School gardens are popping up in academic institutions all over the country, and their value is quite evident. No matter whether it is a large garden or a small window box, children can learn valuable lessons from hands-on interaction with nature. Not only do school gardens teach children about the importance of environmental stewardship, but they are also beneficial for experiential learning in a number of disciplines including social sciences, language arts, visual arts, nutrition, and math.
What is a School Garden?
There are no hard and fast rules when it comes to creating school gardens, however, many gardens take on a theme of some kind. A school may have several smaller garden sites, each with their own theme such as:
Or even a combination of these, depending on the objectives for the garden site.
A school garden is usually organized by a group of interested teachers, administrators, and parents who agree to take responsibility for the overall upkeep of the garden site.
How to Start a Garden at School
Starting a school garden for children begins with forming a committee of dedicated individuals. It is best to have a few people who are familiar with gardening on the committee as well as individuals who can organize fundraisers or rally financial support for the project.
Once your committee is formed, it is time to define the overall objectives of the garden. Questions pertaining to how the garden should be used may be asked, as well as what learning opportunities the garden will provide. These objectives will allow you to create lesson plans related to the garden, which will be a valuable resource for teachers.

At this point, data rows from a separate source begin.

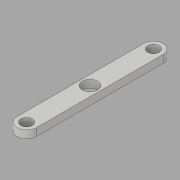
# Autodesk Inventor part: g_servo horn
Saved by Autodesk Inventor 2019 (Build 230136000, 136)
## iProperties
Created: 2021-10-30
Part Number: g_servo horn
Material: Generic
Document SubType Name: Modeling
Designer: Mohamed
Density: 1 g/cm^3
Appearance: Default
Author: Mohamed
Autodesk Inventor part; units mm, degrees
ref_plane "YZ Plane" through (0, 0, 0) normal (1, 0, 0) x (0, 1, 0)
ref_plane "XZ Plane" through (0, 0, 0) normal (0, 1, 0) x (-1, 0, 0)
ref_plane "XY Plane" through (0, 0, 0) normal (0, 0, 1) x (1, 0, 0)
sketch "Sketch1" plane through (0, 0, 0) normal (0, 1, 0) x (-1, 0, 0)
  arc A0 (2.5, 0) -> (-2.5, 0) centre (0, 0) ccw
  line L0 (2.5, 0) -> (2.5, -33)
  line L1 (-2.5, 0) -> (-2.5, -33)
  arc A1 (-2.5, -33) -> (2.5, -33) centre (0, -33) ccw
  circle A2 centre (0, -16.5) radius 2
  circle A3 centre (0, 0) radius 1.5
  circle A4 centre (0, -33) radius 1.5
  dimension "d11" = 5
  dimension "d12" = 33
  dimension "d13" = 33
  dimension "d14" = 5
  dimension "d15" = 4
  dimension "d16" = 3
  dimension "d17" = 3
  constraints: 5 centre point, 4 end point, 4 point on circle, 2 coincident, 2 vertical, 1 tangent
  measures "d11" diameter of A0
  measures "d12" distance of L0.start L0.end
  measures "d13" distance of L1.start L1.end
  measures "d14" diameter of A1
  measures "d15" diameter of A2
  measures "d16" diameter of A3
  measures "d17" diameter of A4
extrude "Extrusion1" add sketch "Sketch1" along normal blind 2
body "Solid1"
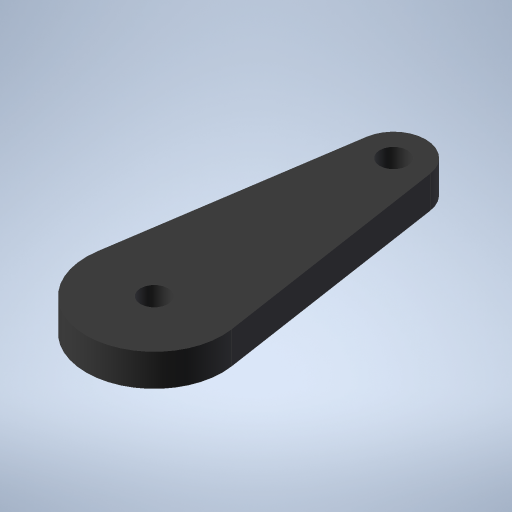
# Autodesk Inventor part: spacing test
Saved by Autodesk Inventor 2024 (Build 280153000, 153)
## iProperties
Created: 2024-04-02
Part Number: spacing test
Material: Generic
Document SubType Name: Modeling
Designer: drew
Density: 1 g/cm^3
Appearance: Default
Author: drew
Autodesk Inventor part; units mm, degrees
ref_plane "YZ Plane" through (0, 0, 0) normal (1, 0, 0) x (0, 1, 0)
ref_plane "XZ Plane" through (0, 0, 0) normal (0, 1, 0) x (-1, 0, 0)
ref_plane "XY Plane" through (0, 0, 0) normal (0, 0, 1) x (1, 0, 0)
sketch "Sketch1" plane through (0, 0, 0) normal (0, 1, 0) x (-1, 0, 0)
  arc A0 (12.5566, -1.9034) -> (-12.5566, -1.9034) centre (0, 0) ccw
  circle A1 centre (0, 0) radius 2.6
  arc A2 (-5.9322, -45.6032) -> (5.9322, -45.6032) centre (0, -44.704) ccw
  circle A3 centre (0, -44.704) radius 2.6
  line L0 (12.5566, -1.9034) -> (5.9322, -45.6032)
  line L1 (-12.5566, -1.9034) -> (-5.9322, -45.6032)
  dimension "d0" = 25.4
  dimension "d5" = 5.2
  dimension "d6" = 12
  dimension "d7" = 44.704
  dimension "d8" = 5.2
  constraints: 4 centre point, 4 end point, 4 point on circle, 4 tangent, 3 coincident, 1 vertical alignment
  measures "d0" diameter of A0
  measures "d5" diameter of A1
  measures "d6" diameter of A2
  measures "d7" distance of point (0, 0) A2.centre
  measures "d8" diameter of A3
extrude "Extrusion1" add sketch "Sketch1" along normal blind 6
body "Solid1"
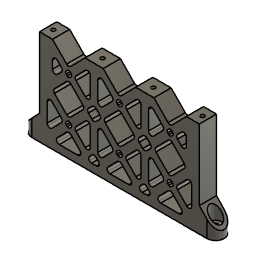
platform_hangfa-discovery-q2_top-plate-support-basic (Autodesk Fusion 360 design; units mm, degrees)
Autodesk Fusion 360 part; units mm, degrees
sketch "Sketch1" plane through (0, 0, 0) normal (0, 1, 0) x (1, 0, 0)
  circle A0 centre (0, 0) radius 2.25
  circle A1 centre (0, 0) radius 6
  circle A2 centre (0, 0) radius 9
  circle A3 centre (183.5, 0) radius 2.25
  circle A4 centre (183.5, 0) radius 6
  circle A5 centre (183.5, 0) radius 9
  line L0 (0, 0) -> (183.5, 0)
  line L1 (0, -9) -> (183.5, -9)
  line L2 (0, 9) -> (183.5, 9)
  line L3 (91.75, 9) -> (91.75, -9)
  line L4 (8, 9) -> (175.5, 9)
  line L5 (175.5, 9) -> (175.5, -9)
  line L6 (175.5, -9) -> (8, -9)
  line L7 (8, -9) -> (8, 9)
  line L8 (8, 9) -> (175.5, -9) construction
  line L9 (175.5, 9) -> (8, -9) construction
  line L10 (8, 9) -> (16, 9)
  line L11 (16, 9) -> (16, -9)
  line L12 (16, -9) -> (8, -9)
  line L13 (8, -9) -> (8, 9)
  line L14 (61.1667, -9) -> (61.1667, 9)
  line L15 (61.1667, 9) -> (69.1667, 9)
  line L16 (69.1667, 9) -> (69.1667, -9)
  line L17 (69.1667, -9) -> (61.1667, -9)
  line L18 (114.3333, -9) -> (114.3333, 9)
  line L19 (114.3333, 9) -> (122.3333, 9)
  line L20 (122.3333, 9) -> (122.3333, -9)
  line L21 (122.3333, -9) -> (114.3333, -9)
  line L22 (167.5, -9) -> (167.5, 9)
  line L23 (167.5, 9) -> (175.5, 9)
  line L24 (175.5, 9) -> (175.5, -9)
  line L25 (175.5, -9) -> (167.5, -9)
  point P0 (183.5, 0)
  point P1 (91.75, 0)
  dimension "d1" = 4.5
  dimension "d2" = 12
  dimension "d3" = 18
  dimension "d6" = 183.5
  dimension "d7" = 0
  dimension "d11" = 9
  dimension "d12" = -9
  dimension "d16" = 167.5
  dimension "d17" = 18
  dimension "d18" = 8
  dimension "d19" = 18
  dimension "d22" = 159.5
  dimension "d23" = 0
  constraint coincident A0.centre A1.centre
  constraint concentric A0 A1
  constraint coincident P0 A3.centre
  constraint midpoint L2 L3.start
  constraint midpoint L1 L3.end
  constraint perpendicular L1 L3
  constraint horizontal L4
  constraint perpendicular L4 L5
  constraint parallel L4 L6
  constraint parallel L5 L7
  constraint coincident L8 P1
  constraint coincident L9 P1
  constraint midpoint L3 P1
  constraint horizontal L10
  constraint vertical L11
  constraint horizontal L12
  constraint vertical L13
  measures "d1" diameter of A0
  measures "d2" diameter of A1
  measures "d3" diameter of A2
  measures "d16" distance of L5.end L6.end
  measures "d17" distance of L4.end L5.end
  measures "d18" distance of L4.start L10.end
  measures "d19" distance of L4.start L6.end
extrude "Extrude1" add sketch "Sketch1" against normal blind 8 contours A1 | A2 L7 L13 | A2 L2 L7 L13 | A2 L1 L7 L13 | A2 L0 L2 L4 L7 L10 L11 L13 | A2 L0 L7 L13 | A2 L0 L7 L13 | A2 L0 L1 L6 L7 L11 L12 L13 | L0 L2 L4 L11 L14 | L0 L1 L6 L11 L14 | L0 L2 L4 L14 L15 L16 | L0 L1 L6 L14 L16 L17 | L0 L2 L3 L4 L16 | L0 L1 L3 L6 L16 | L0 L2 L3 L4 L18 | L0 L1 L3 L6 L18 | L0 L2 L4 L18 L19 L20 | L0 L1 L6 L18 L20 L21 | L0 L2 L4 L20 L22 | L0 L1 L6 L20 L22 | A5 L0 L2 L4 L5 L22 L23 L24 | A5 L0 L1 L5 L6 L22 L24 L25 | A5 L2 L5 L24 | A5 L1 L5 L24 | A5 L0 L5 L24 | A5 L0 L5 L24 | A5 L5 L24 | A4
extrude "Extrude2" add sketch "Sketch1" along normal blind 92 contours A2 L0 L2 L4 L7 L10 L11 L13 | A2 L0 L7 L13 | A2 L0 L7 L13 | A2 L0 L1 L6 L7 L11 L12 L13 | L0 L2 L4 L14 L15 L16 | L0 L1 L6 L14 L16 L17 | L0 L2 L4 L18 L19 L20 | L0 L1 L6 L18 L20 L21 | A5 L0 L2 L4 L5 L22 L23 L24 | A5 L0 L1 L5 L6 L22 L24 L25 | A5 L0 L5 L24 | A5 L0 L5 L24
extrude "Extrude3" add sketch "Sketch1" along normal blind 18 contours A2 L7 L13 | A2 L2 L7 L13 | A2 L1 L7 L13 | A5 L2 L5 L24 | A5 L1 L5 L24 | A5 L5 L24
sketch "Sketch2" plane through (0, 0, 9) normal (0, 0, 1) x (1, 0, 0)
  line L0 (0, 18) -> (0, -8)
  line L1 (0, -8) -> (183.5, -8)
  line L2 (183.5, -8) -> (183.5, 18)
  line L3 (183.5, 18) -> (175.5, 18)
  line L4 (175.5, 18) -> (175.5, 92)
  line L5 (175.5, 92) -> (167.5, 92)
  line L6 (167.5, 92) -> (167.5, 0)
  line L7 (167.5, 0) -> (122.3333, 0)
  line L8 (122.3333, 0) -> (122.3333, 92)
  line L9 (122.3333, 92) -> (114.3333, 92)
  line L10 (114.3333, 92) -> (114.3333, 0)
  line L11 (114.3333, 0) -> (69.1667, 0)
  line L12 (69.1667, 0) -> (69.1667, 92)
  line L13 (69.1667, 92) -> (61.1667, 92)
  line L14 (61.1667, 92) -> (61.1667, 0)
  line L15 (61.1667, 0) -> (16, 0)
  line L16 (16, 0) -> (16, 92)
  line L17 (16, 92) -> (8, 92)
  line L18 (8, 92) -> (8, 18)
  line L19 (8, 18) -> (0, 18)
  line L20 (16, 0) -> (0, 0)
  line L21 (8, 18) -> (8, 0)
  line L22 (167.5, 0) -> (183.5, 0)
  line L23 (175.5, 18) -> (175.5, 0)
  line L24 (0, 0) -> (0, 18)
  line L25 (183.5, 0) -> (183.5, 18)
  line L26 (9, 0) -> (-9, 0)
  line L27 (-9, 0) -> (-9, 18)
  line L28 (-9, 18) -> (9, 18)
  line L29 (9, 18) -> (9, 0)
  line L30 (9, 0) -> (-9, 18) construction
  line L31 (-9, 0) -> (9, 18) construction
  line L32 (192.5, 0) -> (174.5, 0)
  line L33 (174.5, 0) -> (174.5, 18)
  line L34 (174.5, 18) -> (192.5, 18)
  line L35 (192.5, 18) -> (192.5, 0)
  line L36 (192.5, 0) -> (174.5, 18) construction
  line L37 (174.5, 0) -> (192.5, 18) construction
  line L38 (-9, 0) -> (8, 18)
  line L39 (192.5, 0) -> (175.5, 18)
  point P0 (0, 9)
  point P1 (183.5, 9)
  dimension "d32" = 18
  dimension "d33" = 18
  dimension "d34" = 18
  dimension "d35" = 18
  constraint coincident L15.end L16.start
  constraint coincident L20.end L24.start
  constraint coincident L18.end L19.start
  constraint midpoint L20 L21.end
  constraint coincident L6.end L7.start
  constraint coincident L2 L22.end
  constraint perpendicular L2 L22
  constraint coincident L3.end L4.start
  constraint midpoint L22 L23.end
  constraint coincident L0.start L19.end
  constraint coincident L2.end L3.start
  constraint horizontal L26
  constraint perpendicular L26 L27
  constraint parallel L26 L28
  constraint parallel L27 L29
  constraint coincident L30 P0
  constraint coincident L31 P0
  constraint midpoint L24 P0
  constraint horizontal L32
  constraint perpendicular L32 L33
  constraint parallel L32 L34
  constraint parallel L33 L35
  constraint coincident L36 P1
  constraint coincident L37 P1
  constraint midpoint L25 P1
  measures "d32" distance of L27.end L28.end
  measures "d33" distance of L26.end L27.end
  measures "d34" distance of L33.end L34.end
  measures "d35" distance of L32.end L33.end
extrude "Extrude4" cut sketch "Sketch2" against normal up to surface (18 mm away) contours L0 L24 L27 L28 L38 | L0 L19 L24 L28 L38 | L2 L3 L25 L34 L39 | L2 L25 L34 L35 L39
sketch "Sketch3" plane through (0, 0, 9) normal (0, 0, 1) x (1, 0, 0)
  line L0 (8, 18) -> (0, 9.5294)
  line L1 (0, 9.5294) -> (0, -8)
  line L2 (0, -8) -> (183.5, -8)
  line L3 (183.5, -8) -> (183.5, 9.5294)
  line L4 (183.5, 9.5294) -> (175.5, 18)
  line L5 (175.5, 18) -> (175.5, 92)
  line L6 (175.5, 92) -> (167.5, 92)
  line L7 (167.5, 92) -> (167.5, 0)
  line L8 (167.5, 0) -> (122.3333, 0)
  line L9 (122.3333, 0) -> (122.3333, 92)
  line L10 (122.3333, 92) -> (114.3333, 92)
  line L11 (114.3333, 92) -> (114.3333, 0)
  line L12 (114.3333, 0) -> (69.1667, 0)
  line L13 (69.1667, 0) -> (69.1667, 92)
  line L14 (69.1667, 92) -> (61.1667, 92)
  line L15 (61.1667, 92) -> (61.1667, 0)
  line L16 (61.1667, 0) -> (16, 0)
  line L17 (16, 0) -> (16, 92)
  line L18 (16, 92) -> (8, 92)
  line L19 (8, 92) -> (8, 18)
  line L20 (16, 0) -> (61.1667, 46)
  line L21 (61.1667, 46) -> (16, 92)
  line L22 (61.1667, 0) -> (16, 46)
  line L23 (16, 46) -> (61.1667, 92)
  line L24 (114.3333, 0) -> (69.1667, 46)
  line L25 (69.1667, 46) -> (114.3333, 92)
  line L26 (69.1667, 0) -> (114.3333, 46)
  line L27 (114.3333, 46) -> (69.1667, 92)
  line L28 (122.3333, 0) -> (167.5, 46)
  line L29 (167.5, 46) -> (122.3333, 92)
  line L30 (167.5, 0) -> (122.3333, 46)
  line L31 (122.3333, 46) -> (167.5, 92)
  line L32 (18.8542, -2.8025) -> (66.7725, 46)
  line L33 (66.7725, 46) -> (18.8542, 94.8025)
  line L34 (13.1458, 2.8025) -> (55.5608, 46)
  line L35 (55.5608, 46) -> (13.1458, 89.1975)
  line L36 (64.0208, 2.8025) -> (21.6058, 46)
  line L37 (21.6058, 46) -> (64.0208, 89.1975)
  line L38 (58.3125, -2.8025) -> (10.3942, 46)
  line L39 (10.3942, 46) -> (58.3125, 94.8025)
  line L40 (117.1875, 2.8025) -> (74.7725, 46)
  line L41 (74.7725, 46) -> (117.1875, 89.1975)
  line L42 (111.4792, -2.8025) -> (63.5608, 46)
  line L43 (63.5608, 46) -> (111.4792, 94.8025)
  line L44 (72.0208, -2.8025) -> (119.9392, 46)
  line L45 (119.9392, 46) -> (72.0208, 94.8025)
  line L46 (66.3125, 2.8025) -> (108.7275, 46)
  line L47 (108.7275, 46) -> (66.3125, 89.1975)
  line L48 (170.3542, 2.8025) -> (127.9392, 46)
  line L49 (127.9392, 46) -> (170.3542, 89.1975)
  line L50 (164.6458, -2.8025) -> (116.7275, 46)
  line L51 (116.7275, 46) -> (164.6458, 94.8025)
  line L52 (125.1875, -2.8025) -> (173.1058, 46)
  line L53 (173.1058, 46) -> (125.1875, 94.8025)
  line L54 (119.4792, 2.8025) -> (161.8942, 46)
  line L55 (161.8942, 46) -> (119.4792, 89.1975)
  line L56 (16, 92) -> (167.5, 92)
  dimension "d38" = 4
  dimension "d39" = -4
  dimension "d40" = 4
  dimension "d41" = -4
  dimension "d42" = 4
  dimension "d43" = -4
  dimension "d44" = 4
  dimension "d45" = -4
  dimension "d46" = 4
  dimension "d47" = -4
  dimension "d48" = 4
  dimension "d49" = -4
  constraint coincident L16.end L17.start
  constraint midpoint L15 L20.end
  constraint coincident L17.end L18.start
  constraint coincident L15.end L16.start
  constraint midpoint L17 L22.end
  constraint coincident L14.end L15.start
  constraint coincident L11.end L12.start
  constraint midpoint L13 L24.end
  constraint coincident L10.end L11.start
  constraint coincident L12.end L13.start
  constraint midpoint L11 L26.end
  constraint coincident L13.end L14.start
  constraint coincident L8.end L9.start
  constraint midpoint L7 L28.end
  constraint coincident L9.end L10.start
  constraint coincident L7.end L8.start
  constraint midpoint L9 L30.end
  constraint coincident L6.end L7.start
extrude "Extrude5" add sketch "Sketch3" against normal up to surface (18 mm away) contours L17 L21 L35 L39 | L21 L33 L39 L56 | L21 L23 L33 L39 | L21 L23 L35 L39 | L17 L23 L35 L39 | L21 L23 L33 L37 | L21 L23 L35 L37 | L23 L33 L39 L56 | L17 L22 L34 L38 | L22 L23 L34 L35 L36 L37 | L15 L21 L33 L37 | L20 L21 L34 L35 L36 L37 | L15 L23 L33 L37 | L20 L22 L34 L36 | L20 L22 L34 L38 | L15 L20 L32 L36 | L13 L27 L43 L47 | L27 L43 L45 L56 | L7 L31 L49 L53 | L31 L51 L53 L56 | L17 L20 L34 L38 | L20 L22 L32 L38 | L20 L22 L32 L36 | L25 L27 L43 L45 | L25 L27 L43 L47 | L29 L31 L49 L53 | L29 L31 L51 L53 | L16 L20 L32 L38 | L15 L22 L32 L36 | L16 L22 L32 L38 | L13 L25 L43 L47 | L25 L27 L41 L47 | L25 L27 L41 L45 | L25 L43 L45 L56 | L7 L29 L49 L53 | L29 L31 L51 L55 | L29 L31 L49 L55 | L29 L51 L53 L56 | L13 L24 L42 L46 | L24 L25 L40 L41 L46 L47 | L11 L25 L41 L45 | L11 L27 L41 L45 | L26 L27 L40 L41 L46 L47 | L7 L28 L48 L52 | L28 L29 L48 L49 L54 L55 | L9 L29 L51 L55 | L30 L31 L48 L49 L54 L55 | L9 L31 L51 L55 | L13 L26 L42 L46 | L24 L26 L42 L46 | L24 L26 L40 L46 | L11 L26 L40 L44 | L28 L30 L48 L52 | L28 L30 L48 L54 | L9 L30 L50 L54 | L12 L26 L42 L44 | L24 L26 L42 L44 | L24 L26 L40 L44 | L7 L30 L48 L52 | L28 L30 L50 L52 | L28 L30 L50 L54 | L12 L24 L42 L44 | L11 L24 L40 L44 | L8 L30 L50 L52 | L8 L28 L50 L52 | L9 L28 L50 L54
sketch "Sketch9" plane through (0, 0, 9) normal (0, 0, 1) x (1, 0, 0)
  line L0 (127.9392, 92) -> (108.7275, 92)
  line L1 (108.7275, 92) -> (91.75, 74.7093)
  line L2 (91.75, 74.7093) -> (74.7725, 92)
  line L3 (74.7725, 92) -> (55.5608, 92)
  line L4 (55.5608, 92) -> (38.5833, 74.7093)
  line L5 (38.5833, 74.7093) -> (21.6058, 92)
  line L6 (21.6058, 92) -> (8, 92)
  line L7 (8, 92) -> (8, 18)
  line L8 (8, 18) -> (0, 9.5294)
  line L9 (0, 9.5294) -> (0, -8)
  line L10 (0, -8) -> (183.5, -8)
  line L11 (183.5, -8) -> (183.5, 9.5294)
  line L12 (183.5, 9.5294) -> (175.5, 18)
  line L13 (175.5, 18) -> (175.5, 92)
  line L14 (175.5, 92) -> (161.8942, 92)
  line L15 (161.8942, 92) -> (144.9167, 74.7093)
  line L16 (144.9167, 74.7093) -> (127.9392, 92)
  line L17 (122.3333, 86.2907) -> (139.3108, 69)
  line L18 (139.3108, 69) -> (122.3333, 51.7093)
  line L19 (122.3333, 51.7093) -> (122.3333, 86.2907)
  line L20 (122.3333, 40.2907) -> (139.3108, 23)
  line L21 (139.3108, 23) -> (122.3333, 5.7093)
  line L22 (122.3333, 5.7093) -> (122.3333, 40.2907)
  line L23 (127.9392, 0) -> (144.9167, 17.2907)
  line L24 (144.9167, 17.2907) -> (161.8942, 0)
  line L25 (161.8942, 0) -> (127.9392, 0)
  line L26 (167.5, 5.7093) -> (150.5225, 23)
  line L27 (150.5225, 23) -> (167.5, 40.2907)
  line L28 (167.5, 40.2907) -> (167.5, 5.7093)
  line L29 (161.8942, 46) -> (144.9167, 28.7093)
  line L30 (144.9167, 28.7093) -> (127.9392, 46)
  line L31 (127.9392, 46) -> (144.9167, 63.2907)
  line L32 (144.9167, 63.2907) -> (161.8942, 46)
  line L33 (167.5, 51.7093) -> (150.5225, 69)
  line L34 (150.5225, 69) -> (167.5, 86.2907)
  line L35 (167.5, 86.2907) -> (167.5, 51.7093)
  line L36 (69.1667, 86.2907) -> (86.1442, 69)
  line L37 (86.1442, 69) -> (69.1667, 51.7093)
  line L38 (69.1667, 51.7093) -> (69.1667, 86.2907)
  line L39 (69.1667, 40.2907) -> (86.1442, 23)
  line L40 (86.1442, 23) -> (69.1667, 5.7093)
  line L41 (69.1667, 5.7093) -> (69.1667, 40.2907)
  line L42 (74.7725, 0) -> (91.75, 17.2907)
  line L43 (91.75, 17.2907) -> (108.7275, 0)
  line L44 (108.7275, 0) -> (74.7725, 0)
  line L45 (114.3333, 5.7093) -> (97.3558, 23)
  line L46 (97.3558, 23) -> (114.3333, 40.2907)
  line L47 (114.3333, 40.2907) -> (114.3333, 5.7093)
  line L48 (108.7275, 46) -> (91.75, 28.7093)
  line L49 (91.75, 28.7093) -> (74.7725, 46)
  line L50 (74.7725, 46) -> (91.75, 63.2907)
  line L51 (91.75, 63.2907) -> (108.7275, 46)
  line L52 (114.3333, 51.7093) -> (97.3558, 69)
  line L53 (97.3558, 69) -> (114.3333, 86.2907)
  line L54 (114.3333, 86.2907) -> (114.3333, 51.7093)
  line L55 (16, 86.2907) -> (32.9775, 69)
  line L56 (32.9775, 69) -> (16, 51.7093)
  line L57 (16, 51.7093) -> (16, 86.2907)
  line L58 (16, 40.2907) -> (32.9775, 23)
  line L59 (32.9775, 23) -> (16, 5.7093)
  line L60 (16, 5.7093) -> (16, 40.2907)
  line L61 (21.6058, 0) -> (38.5833, 17.2907)
  line L62 (38.5833, 17.2907) -> (55.5608, 0)
  line L63 (55.5608, 0) -> (21.6058, 0)
  line L64 (61.1667, 5.7093) -> (44.1892, 23)
  line L65 (44.1892, 23) -> (61.1667, 40.2907)
  line L66 (61.1667, 40.2907) -> (61.1667, 5.7093)
  line L67 (55.5608, 46) -> (38.5833, 28.7093)
  line L68 (38.5833, 28.7093) -> (21.6058, 46)
  line L69 (21.6058, 46) -> (38.5833, 63.2907)
  line L70 (38.5833, 63.2907) -> (55.5608, 46)
  line L71 (61.1667, 51.7093) -> (44.1892, 69)
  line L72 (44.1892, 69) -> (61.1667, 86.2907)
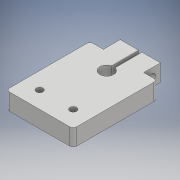
# Autodesk Inventor part: ガイド輪マウント
Saved by Autodesk Inventor 2017 (Build 210142000, 142)
## iProperties
Part Number: ガイド輪マウント
Material: 一般
Document SubType Name: Modeling
Designer: highs
Density: 1 g/cm^3
Appearance: 既定
Author: highs
## iProperties of the stored document ガイド輪マウント_3D プリント.ipt
Part Number: ガイド輪マウント_3D プリント
Material: 一般
Document SubType Name: Modeling
Designer: highs
Density: 1 g/cm^3
Appearance: 既定
Author: highs
Autodesk Inventor part; units mm, degrees
ref_plane "YZ Plane" through (0, 0, 0) normal (1, 0, 0) x (0, 1, 0)
ref_plane "XZ Plane" through (0, 0, 0) normal (0, 1, 0) x (-1, 0, 0)
ref_plane "XY Plane" through (0, 0, 0) normal (0, 0, 1) x (1, 0, 0)
sketch "スケッチ1" plane through (0, 0, 0) normal (0, 0, 1) x (1, 0, 0)
  line L0 (0, 0) -> (40, 0)
  line L1 (40, 0) -> (40, 60)
  line L2 (40, 60) -> (0, 60)
  line L3 (0, 60) -> (0, 0)
  line L4 (0, 10) -> (40, 10) construction
  circle A0 centre (10, 10) radius 2
  circle A1 centre (30, 10) radius 2
  line L5 (20, 60) -> (20, 40) construction
  circle A2 centre (20, 40) radius 4.1
  dimension "d0" = 10
  dimension "d1" = 10
  dimension "d2" = 10
  dimension "d3" = 40
  dimension "d4" = 4
  dimension "d5" = 8.2
  dimension "d6" = 40
  dimension "d7" = 20
  constraints: 12 end point, 4 perpendicular, 4 point on line, 3 centre point, 1 coincident, 1 equal radius, 1 horizontal, 1 midpoint, 1 vertical
  measures "d0" distance from line of L3 A0.centre
  measures "d1" distance between parallel lines of L0 L4
  measures "d2" distance from line of L1 A1.centre
  measures "d3" distance of L0.start L0.end
  measures "d4" diameter of A0
  measures "d5" diameter of A2
  measures "d6" distance from line of L0 L5.end
  measures "d7" distance from line of L5.end L2
extrude "押し出し1" add sketch "スケッチ1" along normal blind 10
sketch "スケッチ2" plane through (0, 0, 10) normal (0, 0, 1) x (1, 0, 0)
  line L0 (40, 60) -> (0, 60) construction
  line L1 (20, 60) -> (20, 0) construction
  line L2 (0, 0) -> (40, 0) construction
  line L3 (0, 60) -> (8, 60)
  line L4 (8, 60) -> (8, 50)
  line L5 (8, 50) -> (0, 50)
  line L6 (0, 50) -> (0, 60)
  line L7 (40, 0) -> (40, 60) projected
  line L8 (40, 60) -> (32, 60)
  line L9 (32, 60) -> (32, 50)
  line L10 (32, 50) -> (40, 50)
  line L11 (40, 50) -> (40, 60)
  line L12 (19, 80) -> (21, 80)
  line L13 (21, 80) -> (21, 40)
  line L14 (21, 40) -> (19, 40)
  line L15 (19, 40) -> (19, 80)
  line L16 (19, 80) -> (21, 40) construction
  line L17 (21, 80) -> (19, 40) construction
  circle A0 centre (20, 40) radius 4.1 projected
  dimension "d11" = 10
  dimension "d12" = 8
  dimension "d13" = 2
  constraints: 30 end point, 6 parallel, 5 midpoint, 3 horizontal, 3 perpendicular, 2 equal length, 1 coincident
  measures "d11" distance of L8.end L9.end
  measures "d12" distance of L9.end L10.end
  measures "d13" distance between parallel lines of L13 L15
extrude "押し出し2" cut sketch "スケッチ2" against normal blind 10 contours L3 L4 L5 L6 | L10 L9 L8 L7 | L12 L13 A0 L15 | A0 L13 L14 L15 picked at (19.8879, 41.3621)
sketch "スケッチ3" plane through (0, 0, 0) normal (-1, 0, 0) x (0, 0, 1)
  line L0 (0, 0) -> (10, 0) construction
  line L1 (5, 0) -> (5, 59.7235) construction
  circle A0 centre (5, 55) radius 2
  line L2 (10, 60) -> (0, 60) construction
  dimension "d16" = 5
  dimension "d17" = 4
  constraints: 2 end point, 1 centre point, 1 midpoint, 1 point on line, 1 vertical
  measures "d16" distance from line of L2 A0.centre
  measures "d17" diameter of A0
extrude "押し出し3" cut sketch "スケッチ3" against normal through all
fillet "フィレット1" radius 2 4 edges at (0, 0, 5) (40, 0, 5) (40, 50, 5) (0, 50, 5)

Consult your garden experts for the best site to place your garden and don't forget about things like a small storage shed for tools, visibility, drainage, and sunlight. Draw the garden design and make a list of all of the supplies needed, including the types of plants and hardscape elements that you wish to include in your garden.
Consider asking local businesses, especially gardening related businesses, for help with obtaining free or discounted materials and plants. Don't forget to organize summer care for the garden when the children are not in school.
Learning More About School Gardens
There are numerous online resources that can help you plan your school garden. It is always best to visit a school garden that is operational so that you can get some ideas and tips for construction and maintenance.
Additionally, you can consult your local Cooperative Extension Office. They are always happy to provide a list of resources and may even wish to be a part of your school garden project.